Le lampadine WiFi, i termostati e le telecamere di sicurezza hanno trasformato le nostre case in succursali di internet. Ma c'è un dettaglio scomodo: questi apparecchi sono piccoli computer progettati per essere economici, non sicuri. La loro funzione principale è risparmiarti passi, senza preoccuparsi che lascino la porta aperta a chiunque abbia un portatile e tempo libero.
L'architettura fragile dell'IoT domestico 🔓
Molti produttori privilegiano il costo rispetto alla protezione. I dispositivi spesso eseguono versioni obsolete di Linux, mancano di crittografia solida e utilizzano password generiche come admin/1234. Una volta connessi alla tua rete, agiscono come un portale aperto.

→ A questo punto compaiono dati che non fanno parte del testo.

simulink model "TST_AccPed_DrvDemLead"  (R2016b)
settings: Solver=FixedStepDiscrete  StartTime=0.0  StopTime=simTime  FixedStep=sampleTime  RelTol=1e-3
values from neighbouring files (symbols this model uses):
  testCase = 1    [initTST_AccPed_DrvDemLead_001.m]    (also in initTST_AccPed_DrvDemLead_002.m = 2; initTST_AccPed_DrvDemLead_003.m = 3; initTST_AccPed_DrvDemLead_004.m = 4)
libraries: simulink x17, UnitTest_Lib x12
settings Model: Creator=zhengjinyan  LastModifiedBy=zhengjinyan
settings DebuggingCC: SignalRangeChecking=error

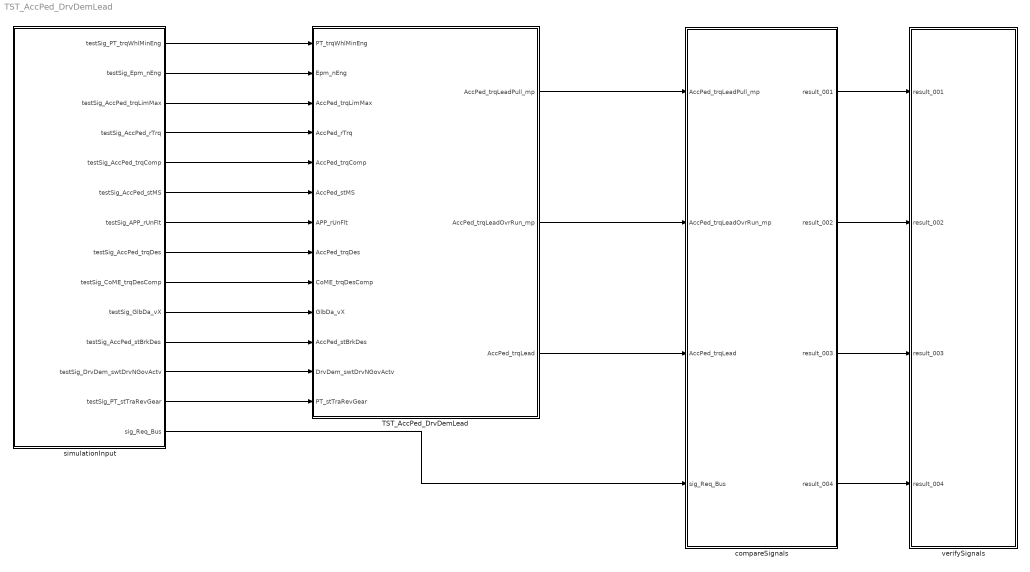
== system TST_AccPed_DrvDemLead ==
  TST_AccPed_DrvDemLead : Subsystem
  compareSignals : Subsystem
  simulationInput : Subsystem
  verifySignals : Subsystem
  wires:
  simulationInput/1(testSig_PT_trqWhlMinEng) -> TST_AccPed_DrvDemLead/1(PT_trqWhlMinEng)
  simulationInput/2(testSig_Epm_nEng) -> TST_AccPed_DrvDemLead/2(Epm_nEng)
  simulationInput/3(testSig_AccPed_trqLimMax) -> TST_AccPed_DrvDemLead/3(AccPed_trqLimMax)
  simulationInput/4(testSig_AccPed_rTrq) -> TST_AccPed_DrvDemLead/4(AccPed_rTrq)
  simulationInput/5(testSig_AccPed_trqComp) -> TST_AccPed_DrvDemLead/5(AccPed_trqComp)
  simulationInput/6(testSig_AccPed_stMS) -> TST_AccPed_DrvDemLead/6(AccPed_stMS)
  simulationInput/7(testSig_APP_rUnFlt) -> TST_AccPed_DrvDemLead/7(APP_rUnFlt)
  simulationInput/8(testSig_AccPed_trqDes) -> TST_AccPed_DrvDemLead/8(AccPed_trqDes)
  simulationInput/9(testSig_CoME_trqDesComp) -> TST_AccPed_DrvDemLead/9(CoME_trqDesComp)
  simulationInput/10(testSig_GlbDa_vX) -> TST_AccPed_DrvDemLead/10(GlbDa_vX)
  simulationInput/11(testSig_AccPed_stBrkDes) -> TST_AccPed_DrvDemLead/11(AccPed_stBrkDes)
  simulationInput/12(testSig_DrvDem_swtDrvNGovActv) -> TST_AccPed_DrvDemLead/12(DrvDem_swtDrvNGovActv)
  simulationInput/13(testSig_PT_stTraRevGear) -> TST_AccPed_DrvDemLead/13(PT_stTraRevGear)
  TST_AccPed_DrvDemLead/1(AccPed_trqLeadPull_mp) -> compareSignals/1(AccPed_trqLeadPull_mp)
  TST_AccPed_DrvDemLead/2(AccPed_trqLeadOvrRun_mp) -> compareSignals/2(AccPed_trqLeadOvrRun_mp)
  TST_AccPed_DrvDemLead/3(AccPed_trqLead) -> compareSignals/3(AccPed_trqLead)
  simulationInput/14(sig_Req_Bus) -> compareSignals/4(sig_Req_Bus)
  compareSignals/1(result_001) -> verifySignals/1(result_001)
  compareSignals/2(result_002) -> verifySignals/2(result_002)
  compareSignals/3(result_003) -> verifySignals/3(result_003)
  compareSignals/4(result_004) -> verifySignals/4(result_004)

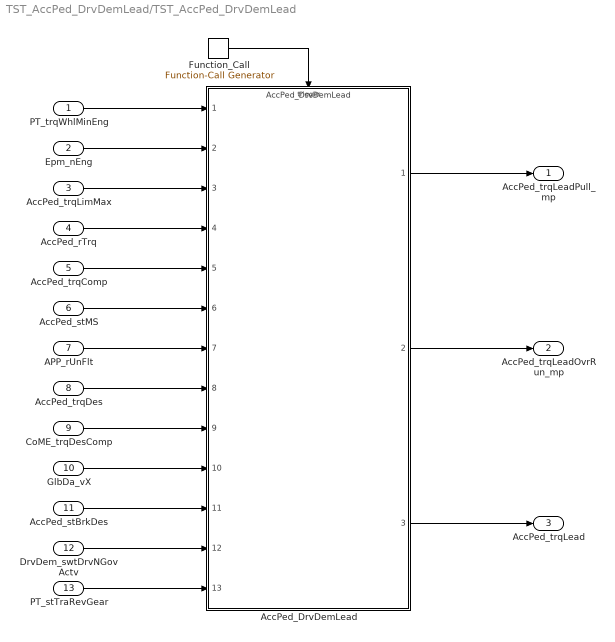
== system TST_AccPed_DrvDemLead/TST_AccPed_DrvDemLead ==
  PT_trqWhlMinEng : Inport
  Epm_nEng : Inport  Port=2
  AccPed_trqLimMax : Inport  Port=3
  AccPed_rTrq : Inport  Port=4
  AccPed_trqComp : Inport  Port=5
  AccPed_stMS : Inport  Port=6
  APP_rUnFlt : Inport  Port=7
  AccPed_trqDes : Inport  Port=8
  CoME_trqDesComp : Inport  Port=9
  GlbDa_vX : Inport  Port=10
  AccPed_stBrkDes : Inport  Port=11
  DrvDem_swtDrvNGovActv : Inport  Port=12
  PT_stTraRevGear : Inport  Port=13
  AccPed_DrvDemLead : ModelReference  ModelNameDialog=AccPed_DrvDemLead  SimulationMode=Normal  ModelReferenceVersion=1.27  TriggerPortName=function  TriggerPortTriggerType=function-call  TriggerPortStatesWhenEnabling=held
  Function_Call : simulink/Ports & Subsystems/Function-Call Generator  sample_time=sampleTime  numberOfIterations=1
  AccPed_trqLeadPull_mp : Outport
  AccPed_trqLeadOvrRun_mp : Outport  Port=2
  AccPed_trqLead : Outport  Port=3
  wires:
  Function_Call/1 -> AccPed_DrvDemLead/Trigger
  PT_trqWhlMinEng/1 -> AccPed_DrvDemLead/1
  Epm_nEng/1 -> AccPed_DrvDemLead/2
  AccPed_trqLimMax/1 -> AccPed_DrvDemLead/3
  AccPed_rTrq/1 -> AccPed_DrvDemLead/4
  AccPed_trqComp/1 -> AccPed_DrvDemLead/5
  AccPed_stMS/1 -> AccPed_DrvDemLead/6
  APP_rUnFlt/1 -> AccPed_DrvDemLead/7
  AccPed_trqDes/1 -> AccPed_DrvDemLead/8
  CoME_trqDesComp/1 -> AccPed_DrvDemLead/9
  GlbDa_vX/1 -> AccPed_DrvDemLead/10
  AccPed_stBrkDes/1 -> AccPed_DrvDemLead/11
  DrvDem_swtDrvNGovActv/1 -> AccPed_DrvDemLead/12
  PT_stTraRevGear/1 -> AccPed_DrvDemLead/13
  AccPed_DrvDemLead/1 -> AccPed_trqLeadPull_mp/1
  AccPed_DrvDemLead/2 -> AccPed_trqLeadOvrRun_mp/1
  AccPed_DrvDemLead/3 -> AccPed_trqLead/1

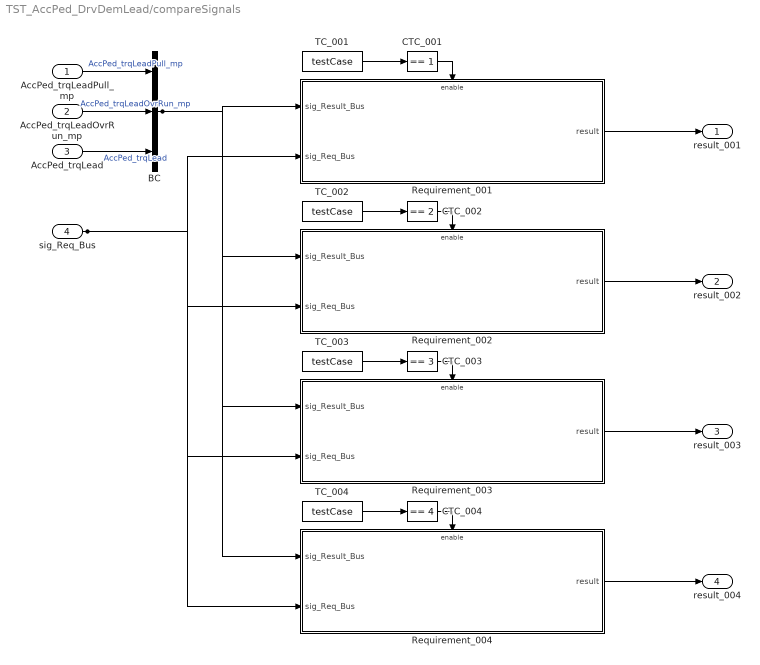
== system TST_AccPed_DrvDemLead/compareSignals ==
  AccPed_trqLeadPull_mp : Inport
  AccPed_trqLeadOvrRun_mp : Inport  Port=2
  AccPed_trqLead : Inport  Port=3
  sig_Req_Bus : Inport  Port=4
  BC : BusCreator  Inputs=3
  CTC_001 : simulink/Logic and Bit Operations/Compare To Constant  relop===  const=1  OutDataTypeStr=boolean
  CTC_002 : simulink/Logic and Bit Operations/Compare To Constant  relop===  const=2  OutDataTypeStr=boolean
  CTC_003 : simulink/Logic and Bit Operations/Compare To Constant  relop===  const=3  OutDataTypeStr=boolean
  CTC_004 : simulink/Logic and Bit Operations/Compare To Constant  relop===  const=4  OutDataTypeStr=boolean
  Requirement_001 : Subsystem
  Requirement_002 : Subsystem
  Requirement_003 : Subsystem
  Requirement_004 : Subsystem
  TC_001 : Constant  Value=testCase
  TC_002 : Constant  Value=testCase
  TC_003 : Constant  Value=testCase
  TC_004 : Constant  Value=testCase
  result_001 : Outport
  result_002 : Outport  Port=2
  result_003 : Outport  Port=3
  result_004 : Outport  Port=4
  wires:
  AccPed_trqLeadPull_mp/1 -> BC/1  "AccPed_trqLeadPull_mp"
  AccPed_trqLeadOvrRun_mp/1 -> BC/2  "AccPed_trqLeadOvrRun_mp"
  AccPed_trqLead/1 -> BC/3  "AccPed_trqLead"
  TC_001/1 -> CTC_001/1
  CTC_001/1 -> Requirement_001/Enable
  sig_Req_Bus/1 -> Requirement_001/2(sig_Req_Bus), Requirement_002/2(sig_Req_Bus), Requirement_003/2(sig_Req_Bus), Requirement_004/2(sig_Req_Bus)
  BC/1 -> Requirement_001/1(sig_Result_Bus), Requirement_002/1(sig_Result_Bus), Requirement_003/1(sig_Result_Bus), Requirement_004/1(sig_Result_Bus)
  Requirement_001/1(result) -> result_001/1
  TC_002/1 -> CTC_002/1
  CTC_002/1 -> Requirement_002/Enable
  Requirement_002/1(result) -> result_002/1
  TC_003/1 -> CTC_003/1
  CTC_003/1 -> Requirement_003/Enable
  Requirement_003/1(result) -> result_003/1
  TC_004/1 -> CTC_004/1
  CTC_004/1 -> Requirement_004/Enable
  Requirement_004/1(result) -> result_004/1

Un attaccante non deve essere un genio; basta scansionare le porte aperte per prendere il controllo della tua telecamera o usare la tua lampadina come punto di ingresso al router.
La lampadina che ha rivelato la tua routine 💡
Immagina che un hacker accenda e spenga la tua lampada del soggiorno alle 3 del mattino. Non è magia nera, è un firmware non aggiornato. Nel frattempo, il tuo termostato potrebbe fare mining di criptovalute in silenzio. La cosa peggiore è che, quando chiami l'assistenza tecnica, ti diranno di spegnere e riaccendere il dispositivo. Come se questo risolvesse il fatto che uno sconosciuto controlli la tua macchina del caffè dall'altra parte del mondo.